Submitted to: Avian Diseases
Publication Type: Peer Reviewed Journal
Publication Acceptance Date: 2/7/2001
Publication Date: 5/16/2001
Citation: Hudson,C.R.; Garcia,M.; Gast,R.K.; Maurer,J.J., Determination of close genetic relatedness of the major salmonella enteritidis phage types by pulsed-field gel electrophoresis and DNA sequence analysis of several salmonella virulence genes. Avian Diseases issue 45 pg. 875-886
Interpretive Summary: Identification of the source of bacterial contamination in food products is an important process especially in the event of an outbreak. This process has been particularly difficult when dealing with Salmonella enteritidis. In Europe, the bacteria appear to be distinct and readily discernible from one another. Conversely, differentiation of Salmonella enteritidis in the U.S. is not an easy process. In this study, three molecular typing methods (pulsed-field gel electrophoresis [PFGE], random amplified polymorphic DNA-PCR [RAPD-PCR], and DNA sequencing) were used for comparison to differentiate isolates of S. enteritidis. Of the three methods, RAPD-PCR was the best method for differentiation of the isolates. Neither PFGE nor DNA sequencing provided information necessary for distinguishing differences between the isolates suggesting that the bacteria are highly clonal. This investigation will be useful for scientists and other investigators when attempting to locate a source of S. enteritidis in outbreaks or contamination.

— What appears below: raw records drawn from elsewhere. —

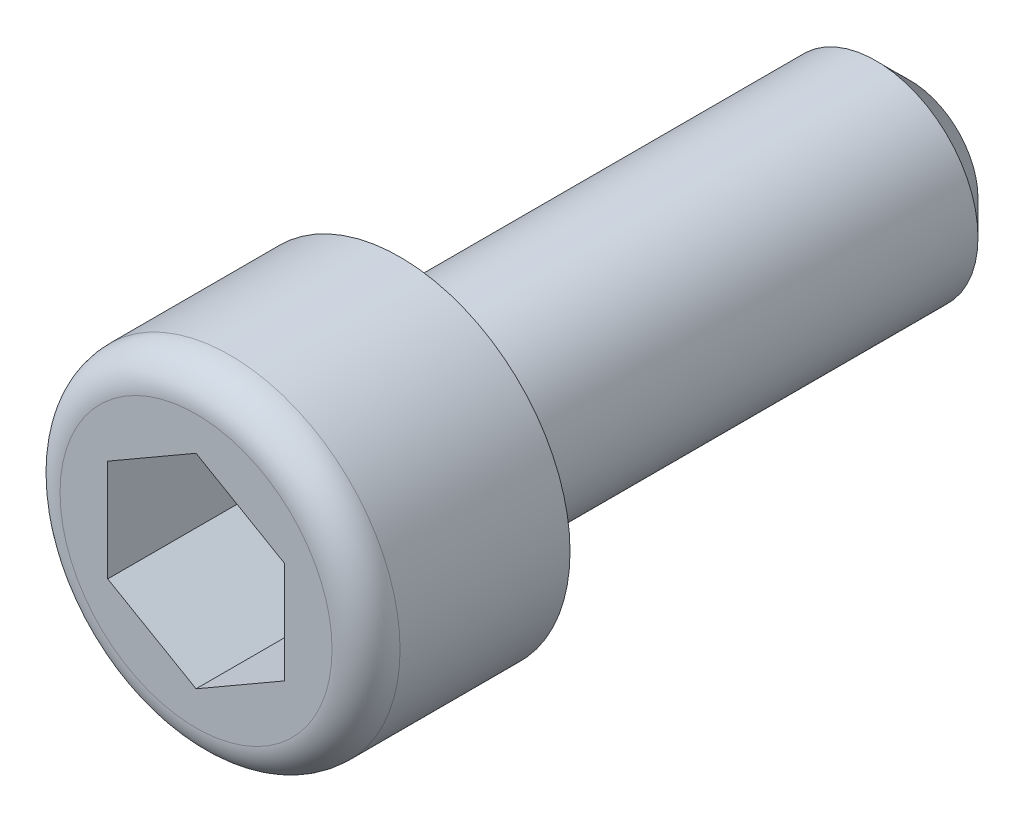
SolidWorks part; units mm, degrees
ref_plane "Front Plane" through (0, 0, 0) normal (0, 0, 1) x (1, 0, 0)
ref_plane "Top Plane" through (0, 0, 0) normal (0, 1, 0) x (1, 0, 0)
ref_plane "Right Plane" through (0, 0, 0) normal (1, 0, 0) x (0, 0, -1)
sketch "Sketch1" plane through (0, 0, 0) normal (1, 0, 0) x (0, 0, -1)
  line L0 (-156.2916, 0) -> (7658.2872, 0) construction
  line L1 (0, 0) -> (0, 5)
  line L2 (0, 5) -> (6, 5)
  line L3 (6, 5) -> (6, 3)
  line L4 (6, 3) -> (21, 3)
  line L5 (21, 3) -> (21, 0)
  line L6 (21, 0) -> (0, 0)
  dimension "D1" = 6
  dimension "D2" = 15
  dimension "D3" = 6
  dimension "D4" = 10
revolve "Body" add sketch "Sketch1" angle 360 about L0
sketch "Sketch2" plane through (0, 0, 0) normal (0, 0, 1) x (1, 0, 0)
  line L1 (0, 3) -> (-2.5981, 1.5)
  line L2 (-2.5981, 1.5) -> (-2.5981, -1.5)
  line L3 (-2.5981, -1.5) -> (0, -3)
  line L4 (0, -3) -> (2.5981, -1.5)
  line L5 (2.5981, -1.5) -> (2.5981, 1.5)
  line L6 (2.5981, 1.5) -> (0, 3)
  circle A0 centre (0, 0) radius 3 construction
  dimension "D1" = 6
extrude "Footprint" cut sketch "Sketch2" against normal blind 4.5
chamfer "Chamfer1" distance 1 angle 45 1 edges at (3, 0, -21)
fillet "Fillet1" radius 1 1 edges at (5, 0, 0)

Technical Abstract: Salmonella enteritidis is an important cause of egg-associated outbreaks in both Europe and the United States. Phage typing has become an important epidemiological tool in identifying source of outbreaks. Limitations of phage typing have become apparent with wholesale egg distributors that have multiple suppliers in an area where a particular phage type is endemic. Several different molecular typing methods were evaluated for their discriminatory power to identify genetic differences among different S. enteritidis phage types isolated in Europe and the U. S. Pulsed-field gel electrophoresis (PFGE) identified a single DNA pattern among the different S. enteritidis (SE) phage types. Comparing the nucleotide sequence for several Salmonella virulence genes failed to identify a single nucleotide change in the gene sequences from most S. enteritidis isolates, regardless of phage type. Based on these results, it appears that the different S. enteritidis phage types are genetically related or clonal. However, using primers 1283 and Opa4, it was possible to not only differentiate SE isolates from different geographic locations, but within a specific geographic locale as well using Random Amplified Polymorphic DNA PCR. Any chance for discerning genetic differences among isolates will need to rely on molecular techniques other than PFGE.